[Source data]
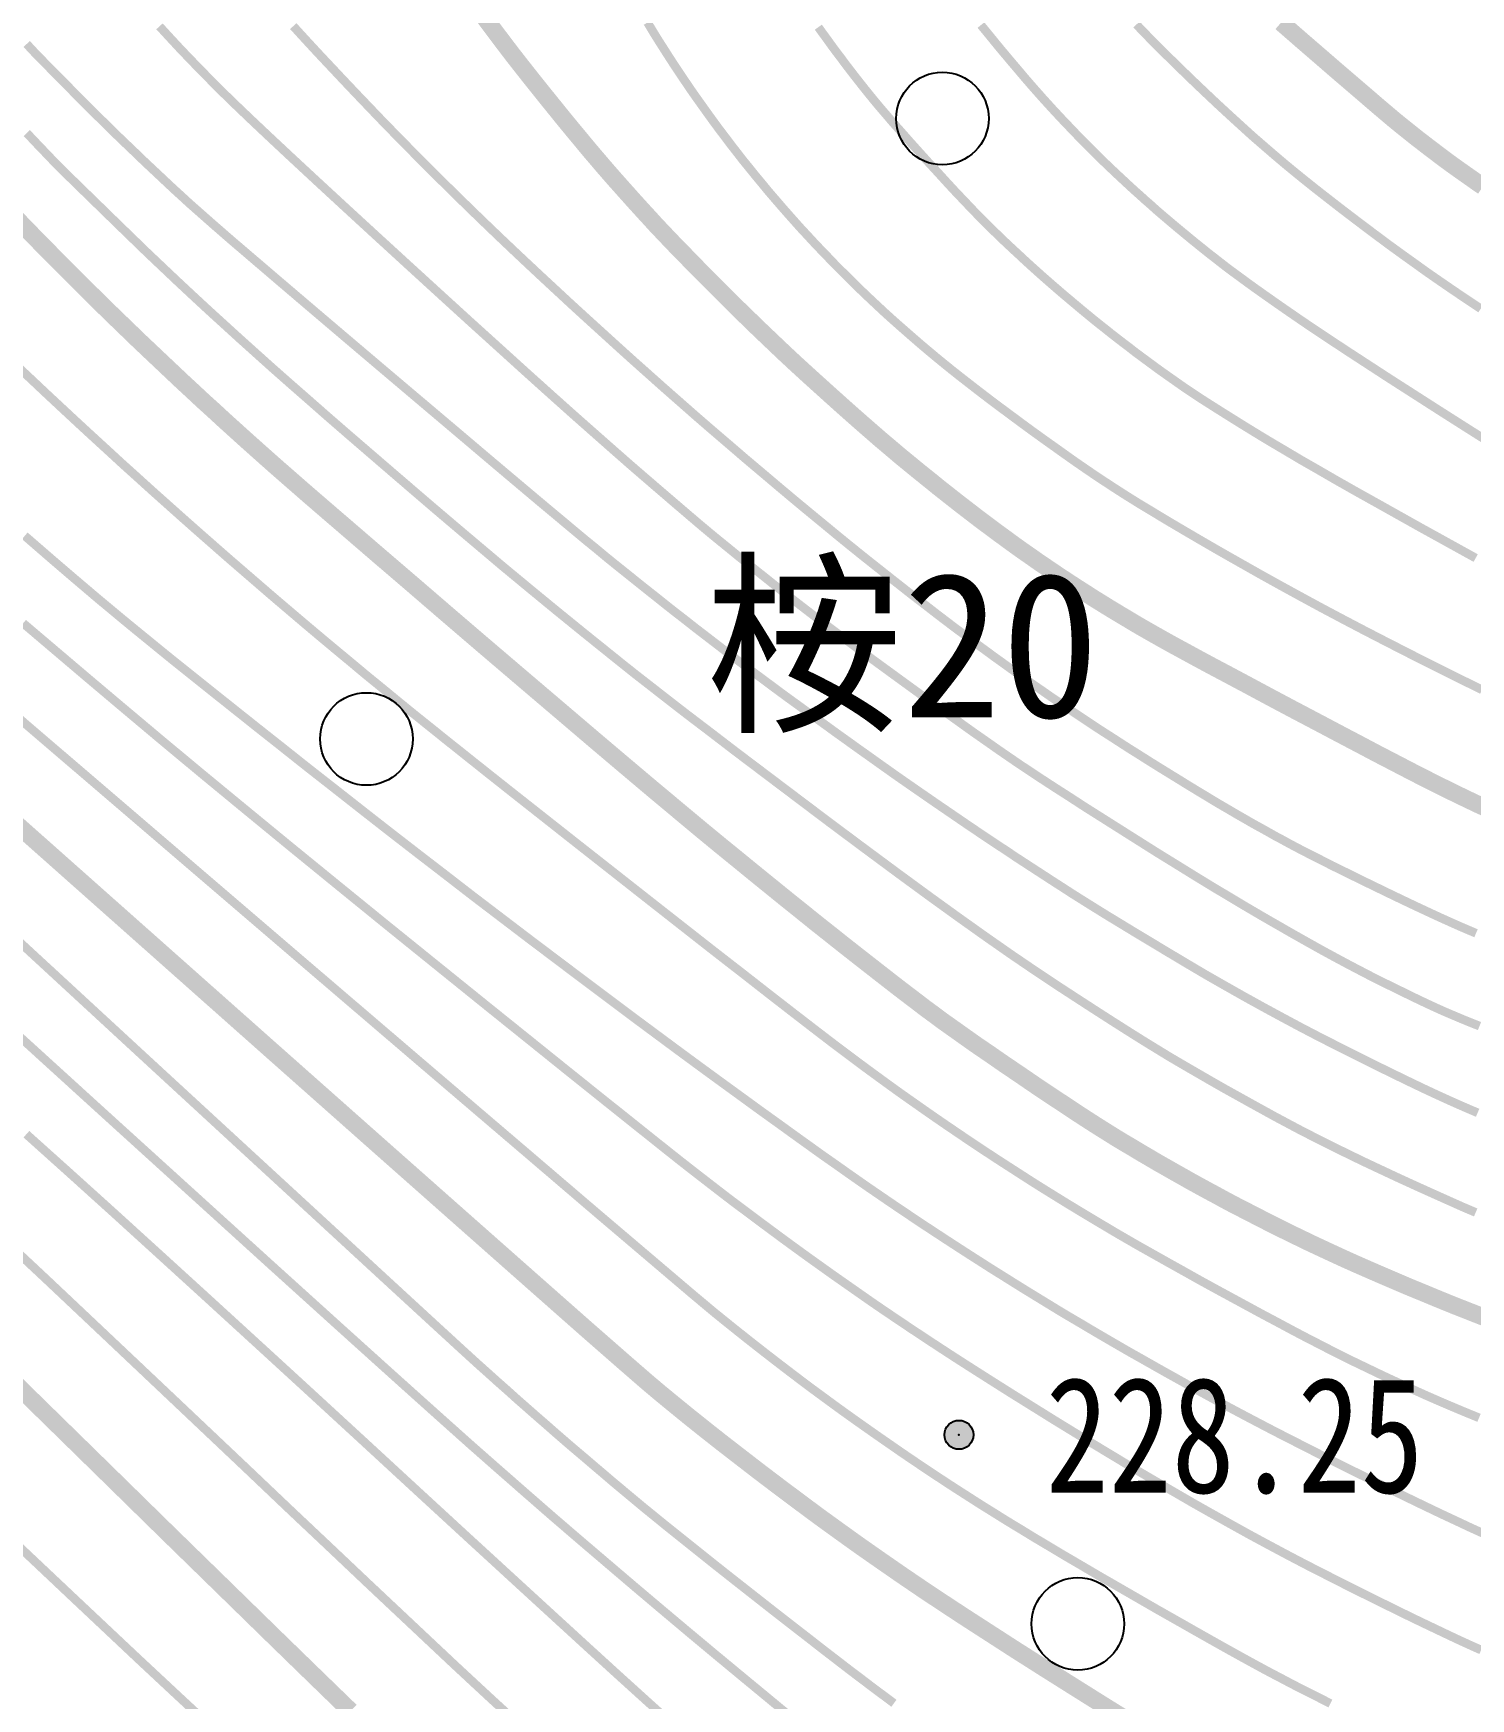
# Model space of a CAD drawing. Extents: x 36524600 to 36525730, y 2746759 to 2747713.
# Drawn here: x 36525068.11 to 36525080.53, y 2747450.36 to 2747464.75 of the extents above; entities that cross this region are included whole.
import ezdxf
from ezdxf.enums import TextEntityAlignment as Align

# ---------------------------------------------------------------- set-up
doc = ezdxf.new("R2010")
doc.units = 0
doc.header["$LTSCALE"] = 1000
doc.header["$MEASUREMENT"] = 0
for name, color, linetype in [('DGX', 251, 'Continuous'), ('GCD', 252, 'Continuous'), ('PP-DX-PT', 251, 'Continuous'), ('ZBTZ', 3, 'Continuous')]:
    doc.layers.add(name, color=color, linetype=linetype)
doc.styles.add('宋体', font='')
doc.styles.add('正等线体', font='宋体.shx', dxfattribs={"bigfont": '@@gbcbig.shx'})
doc.styles.get('宋体').set_extended_font_data('SimSun')

# ---------------------------------------------------------------- blocks, each defined once
blk = doc.blocks.new('gc326')
blk.add_circle((0, 0), 0.8)
blk = doc.blocks.new('gc200')
h = blk.add_hatch(color=256)
edge = h.paths.add_edge_path()
edge.add_arc((0, 0), 0.25, 0, 360)
blk.add_circle((0, 0), 0.25)
blk = doc.blocks.new('dxt')
at = {"layer": 'DGX', "color": 253, "linetype": 'Continuous', "flags": 128}
for points, const_width in [([(36525067.836, 2747451.819), (36525068.506, 2747451.187), (36525069.013, 2747450.71), (36525069.357, 2747450.389), (36525069.61, 2747450.154)], 0.075), ([(36525070.853, 2747450.254), (36525070.556, 2747450.542), (36525070.194, 2747450.894), (36525069.769, 2747451.309), (36525069.278, 2747451.788), (36525068.724, 2747452.331), (36525068.105, 2747452.937), (36525067.484, 2747453.545)], 0.15), ([(36525068.052, 2747455.237), (36525068.412, 2747454.914), (36525068.791, 2747454.572), (36525069.188, 2747454.211), (36525069.604, 2747453.832), (36525070.038, 2747453.435), (36525070.491, 2747453.02), (36525070.963, 2747452.586), (36525071.424, 2747452.161), (36525071.848, 2747451.771), (36525072.234, 2747451.417), (36525072.581, 2747451.099), (36525072.89, 2747450.816), (36525073.161, 2747450.569), (36525073.394, 2747450.358), (36525073.589, 2747450.182)], 0.075), ([(36525067.075, 2747457.743), (36525068.148, 2747456.754), (36525069.088, 2747455.887), (36525069.897, 2747455.142), (36525070.574, 2747454.519), (36525071.118, 2747454.018), (36525071.53, 2747453.639), (36525071.81, 2747453.382), (36525071.958, 2747453.247), (36525072.04, 2747453.174), (36525072.122, 2747453.1), (36525072.205, 2747453.027), (36525072.287, 2747452.953), (36525072.37, 2747452.88), (36525072.453, 2747452.807), (36525072.536, 2747452.735), (36525072.619, 2747452.662), (36525072.702, 2747452.59), (36525072.786, 2747452.518), (36525072.87, 2747452.447), (36525072.954, 2747452.375), (36525073.038, 2747452.304), (36525073.122, 2747452.232), (36525073.206, 2747452.162), (36525073.291, 2747452.091), (36525073.381, 2747452.016), (36525073.483, 2747451.933), (36525073.595, 2747451.842), (36525073.719, 2747451.743), (36525073.854, 2747451.635), (36525073.999, 2747451.519), (36525074.156, 2747451.395), (36525074.324, 2747451.263), (36525074.492, 2747451.131), (36525074.65, 2747451.008), (36525074.797, 2747450.894), (36525074.933, 2747450.788), (36525075.059, 2747450.691), (36525075.173, 2747450.603), (36525075.278, 2747450.524), (36525075.371, 2747450.453), (36525075.46, 2747450.387), (36525075.548, 2747450.321)], 0.075), ([(36525066.845, 2747459.81), (36525068.13, 2747458.708), (36525069.413, 2747457.609), (36525070.538, 2747456.645), (36525071.507, 2747455.816), (36525072.319, 2747455.123), (36525072.973, 2747454.564), (36525073.471, 2747454.141), (36525073.811, 2747453.852), (36525073.994, 2747453.699), (36525074.099, 2747453.614), (36525074.205, 2747453.529), (36525074.311, 2747453.445), (36525074.417, 2747453.362), (36525074.524, 2747453.279), (36525074.631, 2747453.197), (36525074.739, 2747453.115), (36525074.847, 2747453.034), (36525074.956, 2747452.954), (36525075.065, 2747452.874), (36525075.175, 2747452.795), (36525075.285, 2747452.717), (36525075.396, 2747452.639), (36525075.507, 2747452.562), (36525075.618, 2747452.485), (36525075.73, 2747452.409), (36525075.842, 2747452.334), (36525075.955, 2747452.259), (36525076.068, 2747452.185), (36525076.182, 2747452.112), (36525076.296, 2747452.039), (36525076.41, 2747451.968), (36525076.525, 2747451.896), (36525076.641, 2747451.826), (36525076.76, 2747451.753), (36525076.888, 2747451.677), (36525077.023, 2747451.596), (36525077.167, 2747451.512), (36525077.318, 2747451.423), (36525077.478, 2747451.331), (36525077.646, 2747451.234), (36525077.821, 2747451.133), (36525077.994, 2747451.035), (36525078.154, 2747450.944), (36525078.299, 2747450.862), (36525078.431, 2747450.788), (36525078.55, 2747450.722), (36525078.654, 2747450.665), (36525078.746, 2747450.615), (36525078.823, 2747450.574), (36525078.894, 2747450.537), (36525078.964, 2747450.5), (36525079.035, 2747450.463), (36525079.106, 2747450.427), (36525079.178, 2747450.391), (36525079.249, 2747450.355), (36525079.32, 2747450.319)], 0.075), ([(36525080.639, 2747451.789), (36525080.529, 2747451.839), (36525080.41, 2747451.895), (36525080.281, 2747451.955), (36525080.143, 2747452.021), (36525079.996, 2747452.092), (36525079.84, 2747452.168), (36525079.675, 2747452.249), (36525079.501, 2747452.335), (36525079.326, 2747452.422), (36525079.16, 2747452.506), (36525079.001, 2747452.587), (36525078.85, 2747452.664), (36525078.708, 2747452.738), (36525078.573, 2747452.809), (36525078.447, 2747452.876), (36525078.328, 2747452.94), (36525078.215, 2747453.002), (36525078.103, 2747453.064), (36525077.994, 2747453.125), (36525077.886, 2747453.185), (36525077.78, 2747453.245), (36525077.676, 2747453.304), (36525077.573, 2747453.362), (36525077.473, 2747453.42), (36525077.373, 2747453.478), (36525077.274, 2747453.536), (36525077.175, 2747453.595), (36525077.076, 2747453.653), (36525076.977, 2747453.712), (36525076.879, 2747453.772), (36525076.781, 2747453.832), (36525076.683, 2747453.892), (36525076.585, 2747453.953), (36525076.488, 2747454.014), (36525076.39, 2747454.075), (36525076.293, 2747454.137), (36525076.196, 2747454.199), (36525076.1, 2747454.261), (36525076.003, 2747454.324), (36525075.907, 2747454.387), (36525075.811, 2747454.45), (36525075.715, 2747454.514), (36525075.62, 2747454.578), (36525075.525, 2747454.642), (36525075.43, 2747454.707), (36525075.335, 2747454.772), (36525075.24, 2747454.838), (36525075.146, 2747454.904), (36525075.047, 2747454.974), (36525074.937, 2747455.051), (36525074.817, 2747455.137), (36525074.686, 2747455.231), (36525074.545, 2747455.333), (36525074.393, 2747455.442), (36525074.231, 2747455.56), (36525074.059, 2747455.685), (36525073.877, 2747455.818), (36525073.688, 2747455.957), (36525073.491, 2747456.103), (36525073.286, 2747456.255), (36525073.074, 2747456.414), (36525072.854, 2747456.579), (36525072.627, 2747456.75), (36525072.391, 2747456.928), (36525072.152, 2747457.11), (36525071.913, 2747457.292), (36525071.675, 2747457.476), (36525071.436, 2747457.66), (36525071.197, 2747457.845), (36525070.959, 2747458.031), (36525070.721, 2747458.218), (36525070.482, 2747458.405), (36525070.253, 2747458.587), (36525070.039, 2747458.756), (36525069.842, 2747458.913), (36525069.661, 2747459.057), (36525069.496, 2747459.189), (36525069.347, 2747459.308), (36525069.215, 2747459.415), (36525069.1, 2747459.509), (36525068.992, 2747459.597), (36525068.885, 2747459.685), (36525068.778, 2747459.774), (36525068.671, 2747459.863), (36525068.565, 2747459.953), (36525068.459, 2747460.043), (36525068.354, 2747460.133), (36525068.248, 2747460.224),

→ What the exercise asks: Copy exactly what appears in the entries, beginning with the first line and ending with the line that has "from ezdxf.enums import", but not the pictures.

→ The answer:
# Model space of a CAD drawing. Extents: x 36524600 to 36525730, y 2746759 to 2747713.
# Drawn here: x 36525068.11 to 36525080.53, y 2747450.36 to 2747464.75 of the extents above; entities that cross this region are included whole.
import ezdxf
from ezdxf.enums import TextEntityAlignment as Align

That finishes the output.